Record set: Begin

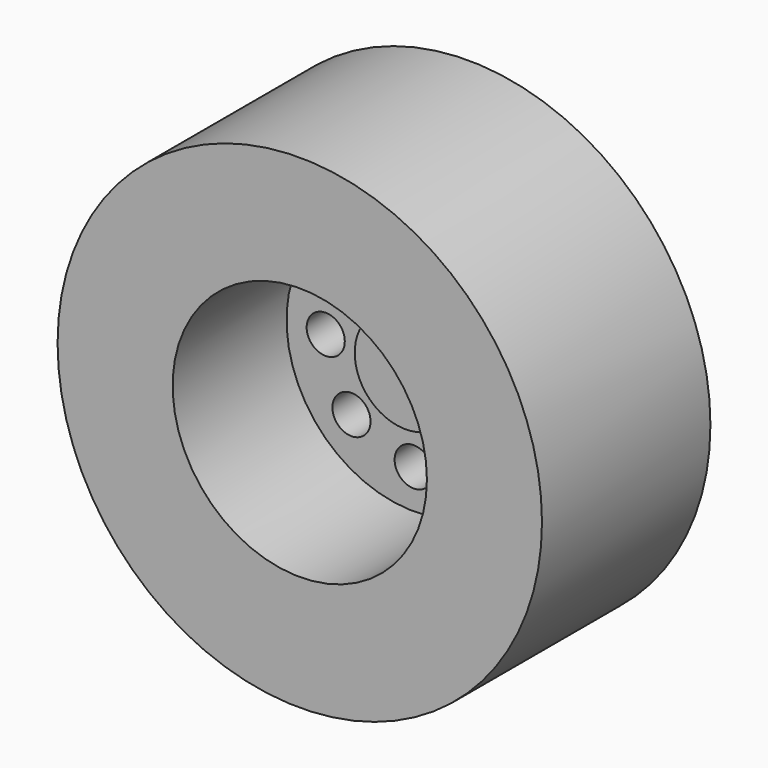
from build123d import *

# Parameters (mm, degrees)
F0_R     = 19.05
F1_DEPTH = 16.5608
F2_R     = 10
F3_DEPTH = 11.2
F4_R     = 4
F5_DEPTH = 0.8
F8_R     = 1.5
F9_DEPTH = 6


# Not quite as in the source:
# - the program builds the solid bodies; features that only make, move or delete a surface that nothing else refers to are left out


with BuildPart() as f1:
    # F0 (on Front) → F1 (new body)
    with BuildSketch(Plane.XZ):
        Circle(F0_R)
    extrude(amount=F1_DEPTH)

    # F2 (on face) → F3 (cut)
    with BuildSketch(Plane.XZ.offset(16.5608)):
        Circle(F2_R)
    extrude(amount=-F3_DEPTH, mode=Mode.SUBTRACT)

    # F4 (on face) → F5 (join)
    with BuildSketch(Plane.XZ.offset(5.3608)):
        Circle(F4_R)
    extrude(amount=F5_DEPTH)

    # F8 (on face) → F9 (cut)
    with BuildSketch(Plane.XZ.offset(5.3608)):
        with Locations((0, 6.9199060356)):
            Circle(F8_R)
        with Locations((-4.8931124829, 4.8931124829)):
            Circle(F8_R)
        with Locations((-6.9199060356, 0)):
            Circle(F8_R)
        with Locations((-4.8931124829, -4.8931124829)):
            Circle(F8_R)
        with Locations((0, -6.9199060356)):
            Circle(F8_R)
        with Locations((4.8931124829, -4.8931124829)):
            Circle(F8_R)
        with Locations((6.9199060356, 0)):
            Circle(F8_R)
        with Locations((4.8931124829, 4.8931124829)):
            Circle(F8_R)
    extrude(amount=-F9_DEPTH, mode=Mode.SUBTRACT)


solid = f1.part
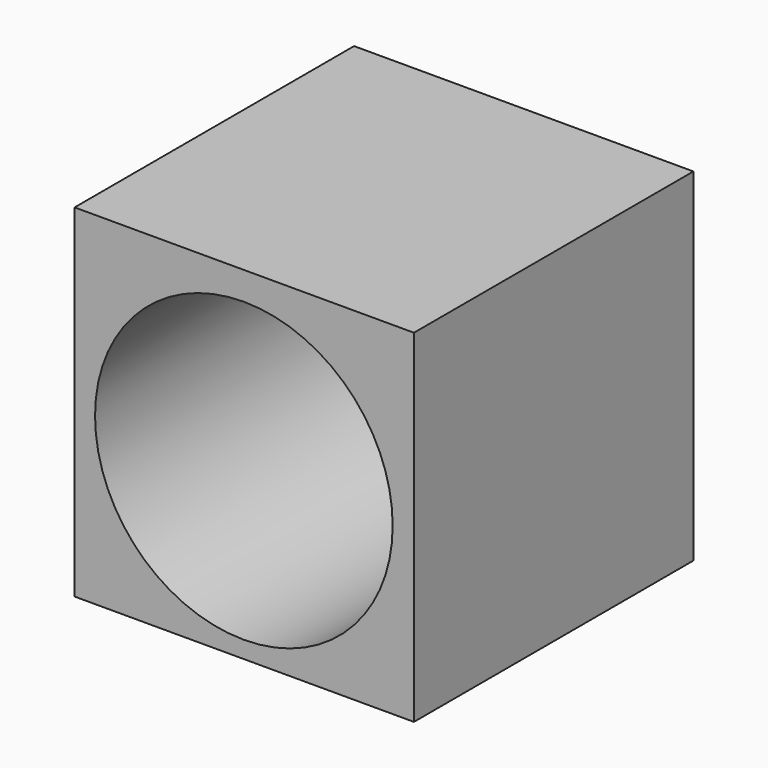
from build123d import *

# Parameters (mm, degrees)
F0_W     = 123.3636140823
F0_H     = 124.569028616
F0_R     = 54.1030855555
F1_DEPTH = 127


# Not quite as in the source:
# - the program builds the solid bodies; features that only make, move or delete a surface that nothing else refers to are left out


with BuildPart() as f1:
    # F0 (on Front) → F1 (new body)
    with BuildSketch(Plane.XZ):
        with Locations((0.1526474953, 2.0047873259)):
            Rectangle(F0_W, F0_H)
        Circle(F0_R, mode=Mode.SUBTRACT)
    extrude(amount=F1_DEPTH)


solid = f1.part
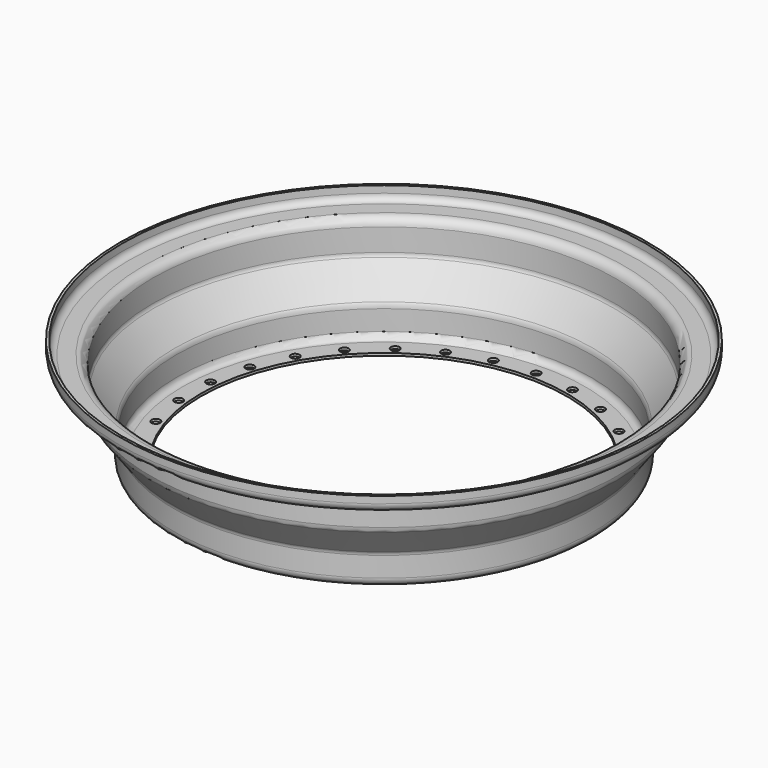
from build123d import *

# Parameters (mm, degrees)
F2_R            = 3.5
F3_DEPTH        = 2.001
F3_COPIES_COUNT = 30


# Not quite as in the source:
# - a pattern or mirror of a feature is missing from the dataset's text; its kind, count and spacing are read off the source's solid


with BuildPart() as f1:
    # F0 (on Front) → F1 (revolve)
    with BuildSketch(Plane.XZ):
        with BuildLine():
            Line((-164, 0), (-149, 0))
            Line((-149, 0), (-149, 2))
            Line((-149, 2), (-164, 2))
            ThreePointArc((-164, 2), (-167.5355339059, 3.4644660941), (-169, 7))
            Line((-169, 7), (-169, 23.3435332173))
            ThreePointArc((-169, 23.3435332173), (-169.3551615249, 25.5449240594), (-170.3846061827, 27.5229293791))
            Line((-170.3846061827, 27.5229293791), (-187.5109955838, 50.5337705231))
            ThreePointArc((-187.5109955838, 50.5337705231), (-188.2463131965, 51.9466314657), (-188.5, 53.5190534957))
            Line((-188.5, 53.5190534957), (-188.5, 71.8625867131))
            ThreePointArc((-188.5, 71.8625867131), (-190.8895043975, 76.5028494379), (-195.8252362977, 78.2))
            Line((-195.8252362977, 78.2), (-207.9317760463, 78.2))
            ThreePointArc((-207.9317760463, 78.2), (-211.4673099522, 79.6644660941), (-212.9317760463, 83.2))
            Line((-212.9317760463, 83.2), (-212.9317760463, 88.9))
            Line((-212.9317760463, 88.9), (-214.9317760463, 88.9))
            Line((-214.9317760463, 88.9), (-214.9317760463, 83.2))
            ThreePointArc((-214.9317760463, 83.2), (-212.8815235146, 78.2502525317), (-207.9317760463, 76.2))
            Line((-207.9317760463, 76.2), (-195.5, 76.2))
            ThreePointArc((-195.5, 76.2), (-191.9644660941, 74.7355339059), (-190.5, 71.2))
            Line((-190.5, 71.2), (-190.5, 53.5190534957))
            ThreePointArc((-190.5, 53.5190534957), (-190.1448384751, 51.3176626537), (-189.1153938173, 49.339657334))
            Line((-189.1153938173, 49.339657334), (-171.9890044162, 26.32881619))
            ThreePointArc((-171.9890044162, 26.32881619), (-171.2536868035, 24.9159552474), (-171, 23.3435332173))
            Line((-171, 23.3435332173), (-171, 7))
            ThreePointArc((-171, 7), (-168.9497474683, 2.0502525317), (-164, 0))
        make_face()
    revolve(axis=Axis((0, 0, 22.5889328867), (0, 0, 1)))

    # F2 (on face) → F3 (cut, through all)
    with BuildSketch(Plane.XY.offset(2)):
        with Locations((0, 155)):
            Circle(F2_R)
    f3 = extrude(amount=-F3_DEPTH, mode=Mode.SUBTRACT)

    # F3_copies: F3 ×30 about axis
    f3_copies_axis = Axis((0, 0, 0), (0, 0, 1))
    for i in range(1, F3_COPIES_COUNT):
        add(f3.rotate(f3_copies_axis, i * 360 / F3_COPIES_COUNT), mode=Mode.SUBTRACT)


solid = f1.part
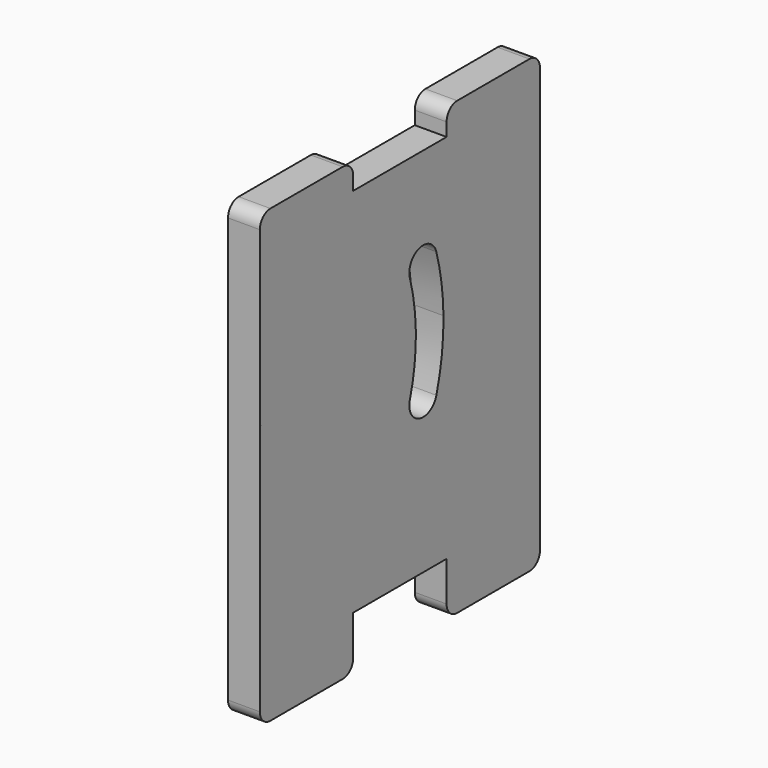
from build123d import *

# Parameters (mm, degrees)
F1_DEPTH = 3


# Not quite as in the source:
# - ends of sketch curves that miss each other by under 0.0002 mm in the source are joined


with BuildPart() as f1:
    # F0 (on Right) → F1 (new body)
    with BuildSketch(Plane.YZ):
        Polygon((5.5, 17.5), (-5.5, 17.5), (-16.5, 17.5), (-16.5, -17.5), (-5.5, -17.5), (5.5, -17.5), (16.5, -17.5), (16.5, 17.5), align=None)
        with BuildLine():
            Line((-16.4417464987, 2.5009048043), (-16.4935827024, 2.5))
            Line((-16.4935827024, 2.5), (-16.4660868868, 2.5078842983))
            Line((-16.4660868868, 2.5078842983), (1.1696009604, 7.5648364131))
            ThreePointArc((1.1696009604, 7.5648364131), (2.2837405131, 9.5747973722), (4.2937014722, 8.4606578195))
            ThreePointArc((4.2937014722, 8.4606578195), (4.8975775667, 5.6682772997), (5.1283712007, 2.8206836482))
            ThreePointArc((5.1283712007, 2.8206836482), (4.9431713186, -0.3431878735), (4.2978712002, -3.4460848682))
            ThreePointArc((4.2978712002, -3.4460848682), (2.2879051371, -4.5602229624), (1.1737655844, -2.5502620033))
            Line((1.1737655844, -2.5502620033), (-16.4417464987, 2.5009048043))
        make_face(mode=Mode.SUBTRACT)
        with BuildLine():
            Line((-5.5, -17.5), (-16.5, -17.5))
            Line((-16.5, -17.5), (-16.5, -21.2516473165))
            ThreePointArc((-16.5, -21.2516473165), (-16.1333008707, -22.1344656985), (-15.25, -22.5))
            Line((-15.25, -22.5), (-6.75, -22.5))
            ThreePointArc((-6.75, -22.5), (-5.8666991293, -22.1344656985), (-5.5000010855, -21.251647315))
            Line((-5.5000010855, -21.251647315), (-5.5, -17.5))
        make_face()
        with BuildLine():
            Line((16.5, -21.2516473165), (16.5, -17.5))
            Line((16.5, -17.5), (5.5, -17.5))
            Line((5.5, -17.5), (5.5, -21.251647316))
            ThreePointArc((5.5, -21.251647316), (5.8890966799, -22.1579284387), (6.8141527576, -22.5))
            Line((6.8141527576, -22.5), (15.3141527576, -22.5))
            ThreePointArc((15.3141527576, -22.5), (16.1562811226, -22.1125506362), (16.5, -21.2516473165))
        make_face()
        with BuildLine():
            Line((5.5, 18.75), (5.5, 17.5))
            Line((5.5, 17.5), (16.5, 17.5))
            Line((16.5, 17.5), (16.5, 18.75))
            ThreePointArc((16.5, 18.75), (16.1338834765, 19.6338834765), (15.25, 20))
            Line((15.25, 20), (6.75, 20))
            ThreePointArc((6.75, 20), (5.8661165235, 19.6338834765), (5.5, 18.75))
        make_face()
        with BuildLine():
            Line((-16.5, 17.5), (-5.5, 17.5))
            Line((-5.5, 17.5), (-5.5, 18.75))
            ThreePointArc((-5.5, 18.75), (-5.8661165235, 19.6338834765), (-6.75, 20))
            Line((-6.75, 20), (-15.25, 20))
            ThreePointArc((-15.25, 20), (-16.1338834765, 19.6338834765), (-16.5, 18.75))
            Line((-16.5, 18.75), (-16.5, 17.5))
        make_face()
        with BuildLine():
            Line((-16.4660868868, 2.5078842983), (-16.4417464987, 2.5009048043))
            Line((-16.4417464987, 2.5009048043), (1.8783712007, 2.8206836482))
            ThreePointArc((1.8783712007, 2.8206836482), (1.6794064974, 5.2159796384), (1.1696009604, 7.5648364131))
            Line((1.1696009604, 7.5648364131), (-16.4660868868, 2.5078842983))
        make_face()
        with BuildLine():
            Line((1.8783712007, 2.8206836482), (-16.4417464987, 2.5009048043))
            Line((-16.4417464987, 2.5009048043), (1.1737655844, -2.5502620033))
            ThreePointArc((1.1737655844, -2.5502620033), (1.7250108073, 0.1091116575), (1.8783712007, 2.8206836482))
        make_face()
    extrude(amount=F1_DEPTH)


solid = f1.part
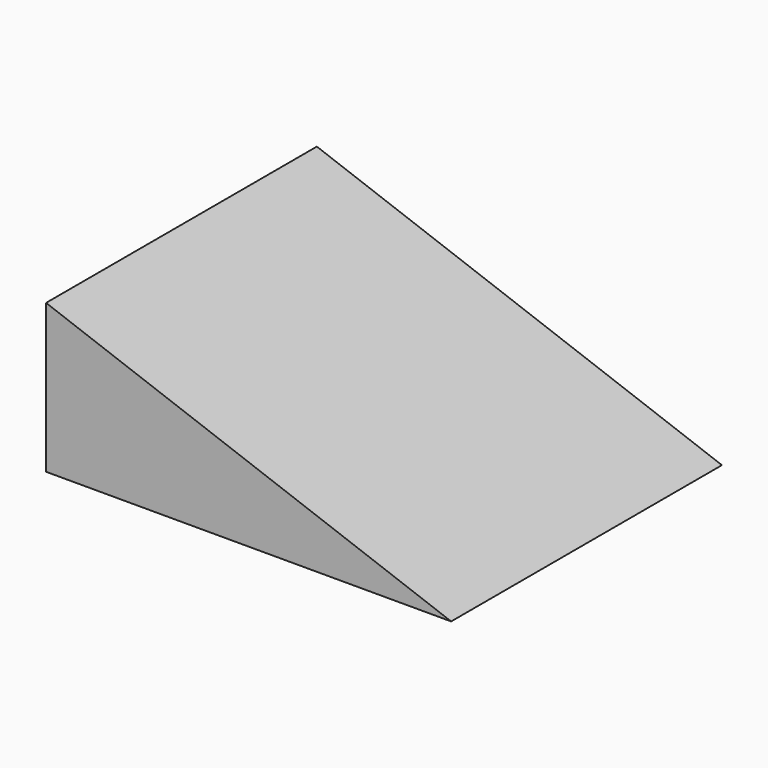
from build123d import *

# Parameters (mm, degrees)
F0_W     = 69.1770128906
F0_H     = 57.801194489
F1_DEPTH = 25.4
F3_DEPTH = 57.801194489


# Not quite as in the source:
# - the program builds the solid bodies; features that only make, move or delete a surface that nothing else refers to are left out


with BuildPart() as f1:
    # F0 (on Top) → F1 (new body)
    with BuildSketch(Plane.XY):
        with Locations((-5.8288183063, -0.5201026797)):
            Rectangle(F0_W, F0_H)
    extrude(amount=F1_DEPTH)

    # F2 (on face) → F3 (cut, through all)
    with BuildSketch(Plane.XZ.offset(29.4206999242)):
        Polygon((28.759688139, 25.4), (-40.4173247516, 25.4), (28.759688139, 0), align=None)
    extrude(amount=-F3_DEPTH, mode=Mode.SUBTRACT)


solid = f1.part

Record set: End

> **Task instructions**
Quote the data above from the line containing "Line((-214.9317760463, 88.9), (-214.9317760463, 83.2))" to the line containing "Line((-190.5, 71.2), (-190.5, 53.5190534957))", inclusive, and stop.

> **Output for this exercise**
            Line((-214.9317760463, 88.9), (-214.9317760463, 83.2))
            ThreePointArc((-214.9317760463, 83.2), (-212.8815235146, 78.2502525317), (-207.9317760463, 76.2))
            Line((-207.9317760463, 76.2), (-195.5, 76.2))
            ThreePointArc((-195.5, 76.2), (-191.9644660941, 74.7355339059), (-190.5, 71.2))
            Line((-190.5, 71.2), (-190.5, 53.5190534957))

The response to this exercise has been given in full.